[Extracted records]
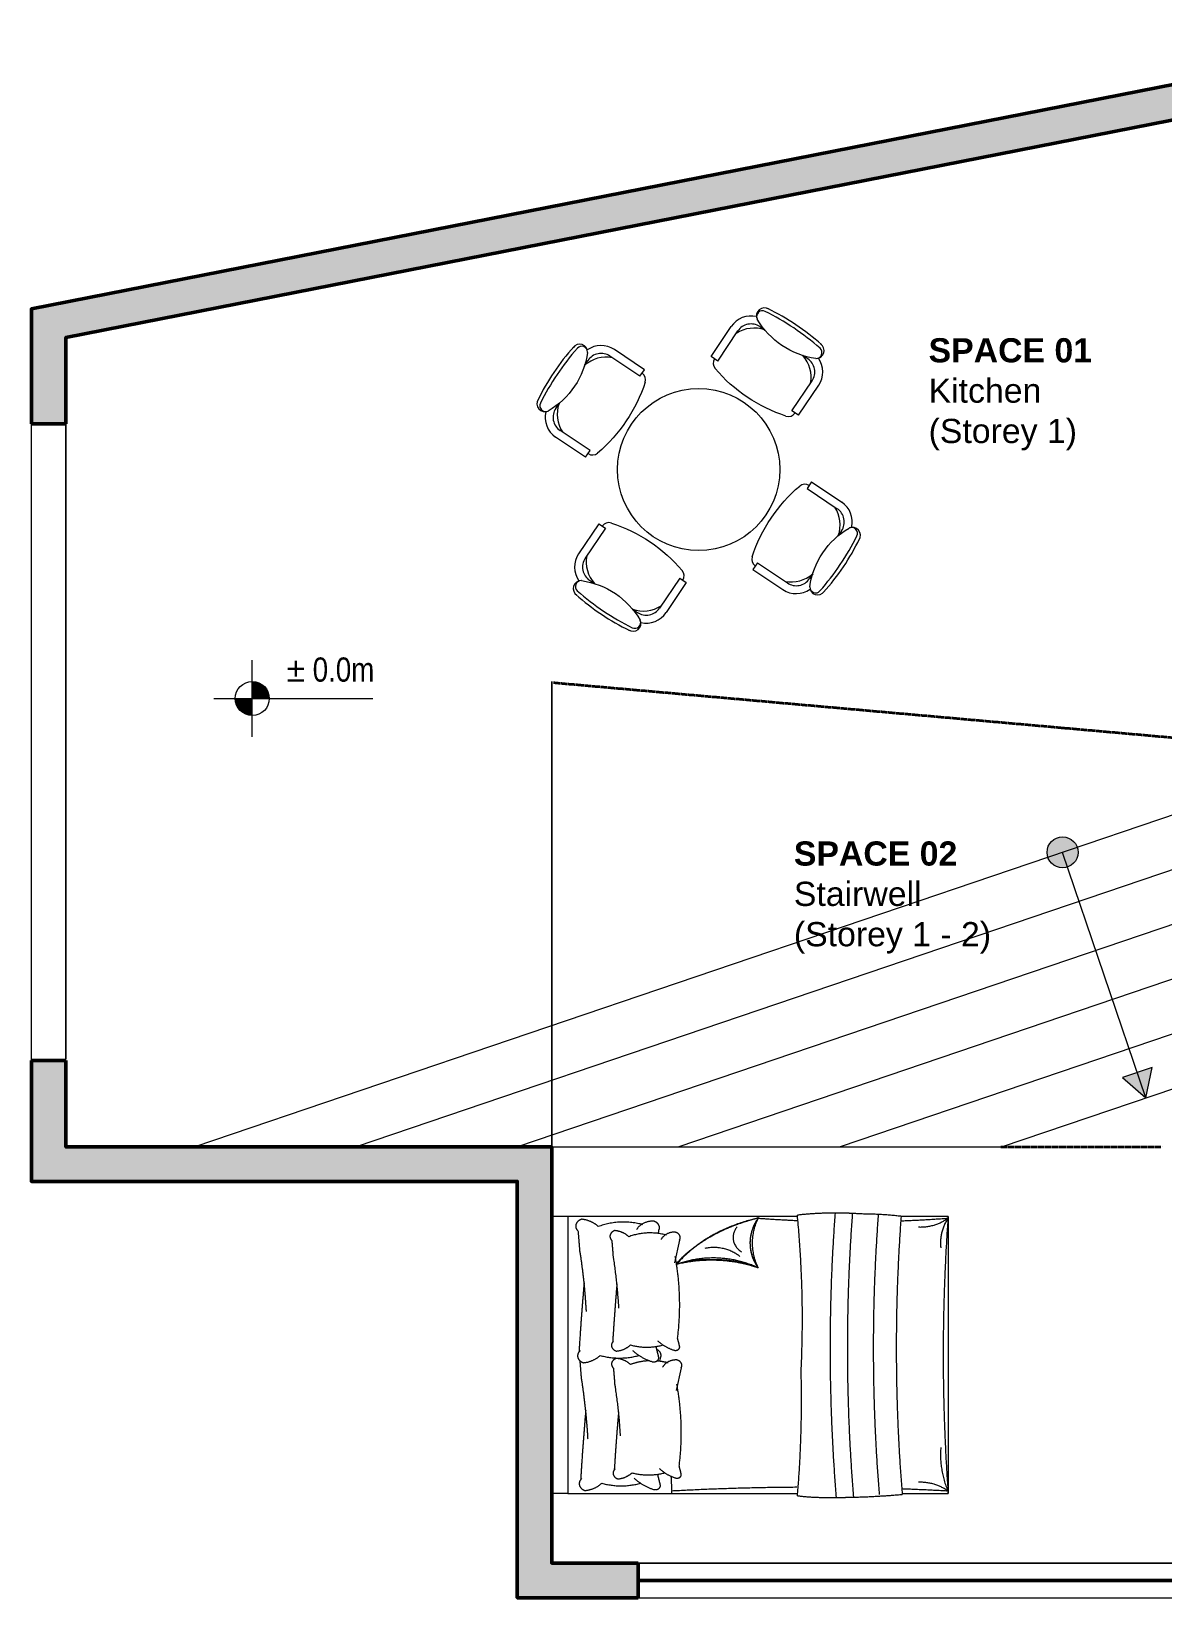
# Model space of a CAD drawing. Header units: millimetres. Extents: x 5908 to 29639, y 1285 to 11154.
# Drawn here: x 5908 to 12452, y 1732 to 10796 of the extents above; entities that cross this region are included whole.
import ezdxf

# ---------------------------------------------------------------- set-up
doc = ezdxf.new("R2010")
doc.units = ezdxf.units.MM
doc.header["$LTSCALE"] = 10
doc.linetypes.add('Dots', pattern=[1, 0, -1])
for name, color, linetype, lineweight, true_color in [('ABOVE', 252, 'Dots', 35, 0x696969), ('CUT', 3, 'Continuous', 50, 0x00ff00), ('DIM', 6, 'Continuous', 18, 0xff00ff), ('FILL', 3, 'Continuous', 0, 0x00ff00), ('THIN', 254, 'Continuous', 0, 0xbebebe), ('VISIBLE', 1, 'Continuous', 18, 0xff0000)]:
    doc.layers.add(name, color=color, linetype=linetype, lineweight=lineweight, true_color=true_color)
doc.styles.add('Millimeter ARCH', font='ARIALN.TTF')

msp = doc.modelspace()

# ---------------------------------------------------------------- hatches: boundary and pattern name
at = {"layer": 'DIM'}
for points in [[(7284.4, 6935.2), (7284.3, 6937.4), (7284.3, 6939.6), (7284.1, 6941.8), (7284, 6944), (7283.7, 6946.3), (7283.4, 6948.6), (7283.1, 6950.8), (7282.7, 6953.1), (7282.3, 6955.4), (7281.7, 6957.7), (7281.2, 6960), (7280.6, 6962.3), (7279.9, 6964.6), (7279.1, 6966.9), (7278.3, 6969.2), (7277.4, 6971.4), (7276.5, 6973.7), (7275.5, 6976), (7274.5, 6978.2), (7273.3, 6980.4), (7272.2, 6982.6), (7270.9, 6984.8), (7269.6, 6987), (7268.3, 6989.1), (7266.9, 6991.2), (7265.4, 6993.3), (7263.9, 6995.3), (7262.3, 6997.3), (7260.7, 6999.2), (7259, 7001.2), (7257.3, 7003), (7255.5, 7004.8), (7253.7, 7006.6), (7251.8, 7008.4), (7249.9, 7010), (7247.9, 7011.7), (7245.9, 7013.2), (7243.9, 7014.8), (7241.8, 7016.2), (7239.7, 7017.6), (7237.6, 7019), (7235.5, 7020.3), (7233.3, 7021.5), (7231.1, 7022.7), (7228.9, 7023.8), (7226.6, 7024.9), (7224.4, 7025.9), (7222.1, 7026.8), (7219.8, 7027.7), (7217.5, 7028.5), (7215.2, 7029.2), (7212.9, 7029.9), (7210.6, 7030.5), (7208.3, 7031.1), (7206.1, 7031.6), (7203.8, 7032.1), (7201.5, 7032.5), (7199.2, 7032.8), (7196.9, 7033.1), (7194.7, 7033.3), (7192.4, 7033.5), (7190.2, 7033.6), (7188, 7033.7), (7185.8, 7033.7), (7185.8, 6935.2)], [(7087.3, 6935.2), (7087.3, 6933), (7087.4, 6930.8), (7087.5, 6928.6), (7087.7, 6926.3), (7087.9, 6924.1), (7088.2, 6921.8), (7088.6, 6919.5), (7089, 6917.3), (7089.4, 6915), (7089.9, 6912.7), (7090.5, 6910.4), (7091.1, 6908.1), (7091.8, 6905.8), (7092.6, 6903.5), (7093.4, 6901.2), (7094.2, 6898.9), (7095.2, 6896.7), (7096.2, 6894.4), (7097.2, 6892.2), (7098.3, 6889.9), (7099.5, 6887.7), (7100.7, 6885.6), (7102, 6883.4), (7103.4, 6881.3), (7104.8, 6879.2), (7106.3, 6877.1), (7107.8, 6875.1), (7109.3, 6873.1), (7111, 6871.1), (7112.7, 6869.2), (7114.4, 6867.3), (7116.2, 6865.5), (7118, 6863.7), (7119.9, 6862), (7121.8, 6860.3), (7123.7, 6858.7), (7125.7, 6857.1), (7127.8, 6855.6), (7129.8, 6854.1), (7131.9, 6852.7), (7134.1, 6851.4), (7136.2, 6850.1), (7138.4, 6848.8), (7140.6, 6847.7), (7142.8, 6846.6), (7145, 6845.5), (7147.3, 6844.5), (7149.6, 6843.6), (7151.8, 6842.7), (7154.1, 6841.9), (7156.4, 6841.2), (7158.7, 6840.5), (7161, 6839.8), (7163.3, 6839.3), (7165.6, 6838.8), (7167.9, 6838.3), (7170.2, 6837.9), (7172.5, 6837.6), (7174.7, 6837.3), (7177, 6837.1), (7179.2, 6836.9), (7181.4, 6836.8), (7183.6, 6836.7), (7185.8, 6836.7), (7185.8, 6935.2)], [(11958.1, 6073.9), (11957.1, 6076.8), (11955.9, 6079.7), (11954.7, 6082.6), (11953.3, 6085.4), (11951.9, 6088.2), (11950.3, 6090.9), (11948.7, 6093.5), (11947, 6096.1), (11945.2, 6098.6), (11943.2, 6101.1), (11941.3, 6103.5), (11939.2, 6105.8), (11937, 6108.1), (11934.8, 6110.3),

YOUR GOAL:
Skip the pictures and print each record exactly as it stands.

SOLUTION FOR THIS EXERCISE:
# Model space of a CAD drawing. Header units: millimetres. Extents: x 5908 to 29639, y 1285 to 11154.
# Drawn here: x 5908 to 12452, y 1732 to 10796 of the extents above; entities that cross this region are included whole.
import ezdxf

# ---------------------------------------------------------------- set-up
doc = ezdxf.new("R2010")
doc.units = ezdxf.units.MM
doc.header["$LTSCALE"] = 10
doc.linetypes.add('Dots', pattern=[1, 0, -1])
for name, color, linetype, lineweight, true_color in [('ABOVE', 252, 'Dots', 35, 0x696969), ('CUT', 3, 'Continuous', 50, 0x00ff00), ('DIM', 6, 'Continuous', 18, 0xff00ff), ('FILL', 3, 'Continuous', 0, 0x00ff00), ('THIN', 254, 'Continuous', 0, 0xbebebe), ('VISIBLE', 1, 'Continuous', 18, 0xff0000)]:
    doc.layers.add(name, color=color, linetype=linetype, lineweight=lineweight, true_color=true_color)
doc.styles.add('Millimeter ARCH', font='ARIALN.TTF')

msp = doc.modelspace()

# ---------------------------------------------------------------- hatches: boundary and pattern name
at = {"layer": 'DIM'}
for points in [[(7284.4, 6935.2), (7284.3, 6937.4), (7284.3, 6939.6), (7284.1, 6941.8), (7284, 6944), (7283.7, 6946.3), (7283.4, 6948.6), (7283.1, 6950.8), (7282.7, 6953.1), (7282.3, 6955.4), (7281.7, 6957.7), (7281.2, 6960), (7280.6, 6962.3), (7279.9, 6964.6), (7279.1, 6966.9), (7278.3, 6969.2), (7277.4, 6971.4), (7276.5, 6973.7), (7275.5, 6976), (7274.5, 6978.2), (7273.3, 6980.4), (7272.2, 6982.6), (7270.9, 6984.8), (7269.6, 6987), (7268.3, 6989.1), (7266.9, 6991.2), (7265.4, 6993.3), (7263.9, 6995.3), (7262.3, 6997.3), (7260.7, 6999.2), (7259, 7001.2), (7257.3, 7003), (7255.5, 7004.8), (7253.7, 7006.6), (7251.8, 7008.4), (7249.9, 7010), (7247.9, 7011.7), (7245.9, 7013.2), (7243.9, 7014.8), (7241.8, 7016.2), (7239.7, 7017.6), (7237.6, 7019), (7235.5, 7020.3), (7233.3, 7021.5), (7231.1, 7022.7), (7228.9, 7023.8), (7226.6, 7024.9), (7224.4, 7025.9), (7222.1, 7026.8), (7219.8, 7027.7), (7217.5, 7028.5), (7215.2, 7029.2), (7212.9, 7029.9), (7210.6, 7030.5), (7208.3, 7031.1), (7206.1, 7031.6), (7203.8, 7032.1), (7201.5, 7032.5), (7199.2, 7032.8), (7196.9, 7033.1), (7194.7, 7033.3), (7192.4, 7033.5), (7190.2, 7033.6), (7188, 7033.7), (7185.8, 7033.7), (7185.8, 6935.2)], [(7087.3, 6935.2), (7087.3, 6933), (7087.4, 6930.8), (7087.5, 6928.6), (7087.7, 6926.3), (7087.9, 6924.1), (7088.2, 6921.8), (7088.6, 6919.5), (7089, 6917.3), (7089.4, 6915), (7089.9, 6912.7), (7090.5, 6910.4), (7091.1, 6908.1), (7091.8, 6905.8), (7092.6, 6903.5), (7093.4, 6901.2), (7094.2, 6898.9), (7095.2, 6896.7), (7096.2, 6894.4), (7097.2, 6892.2), (7098.3, 6889.9), (7099.5, 6887.7), (7100.7, 6885.6), (7102, 6883.4), (7103.4, 6881.3), (7104.8, 6879.2), (7106.3, 6877.1), (7107.8, 6875.1), (7109.3, 6873.1), (7111, 6871.1), (7112.7, 6869.2), (7114.4, 6867.3), (7116.2, 6865.5), (7118, 6863.7), (7119.9, 6862), (7121.8, 6860.3), (7123.7, 6858.7), (7125.7, 6857.1), (7127.8, 6855.6), (7129.8, 6854.1), (7131.9, 6852.7), (7134.1, 6851.4), (7136.2, 6850.1), (7138.4, 6848.8), (7140.6, 6847.7), (7142.8, 6846.6), (7145, 6845.5), (7147.3, 6844.5), (7149.6, 6843.6), (7151.8, 6842.7), (7154.1, 6841.9), (7156.4, 6841.2), (7158.7, 6840.5), (7161, 6839.8), (7163.3, 6839.3), (7165.6, 6838.8), (7167.9, 6838.3), (7170.2, 6837.9), (7172.5, 6837.6), (7174.7, 6837.3), (7177, 6837.1), (7179.2, 6836.9), (7181.4, 6836.8), (7183.6, 6836.7), (7185.8, 6836.7), (7185.8, 6935.2)], [(11958.1, 6073.9), (11957.1, 6076.8), (11955.9, 6079.7), (11954.7, 6082.6), (11953.3, 6085.4), (11951.9, 6088.2), (11950.3, 6090.9), (11948.7, 6093.5), (11947, 6096.1), (11945.2, 6098.6), (11943.2, 6101.1), (11941.3, 6103.5), (11939.2, 6105.8), (11937, 6108.1), (11934.8, 6110.3),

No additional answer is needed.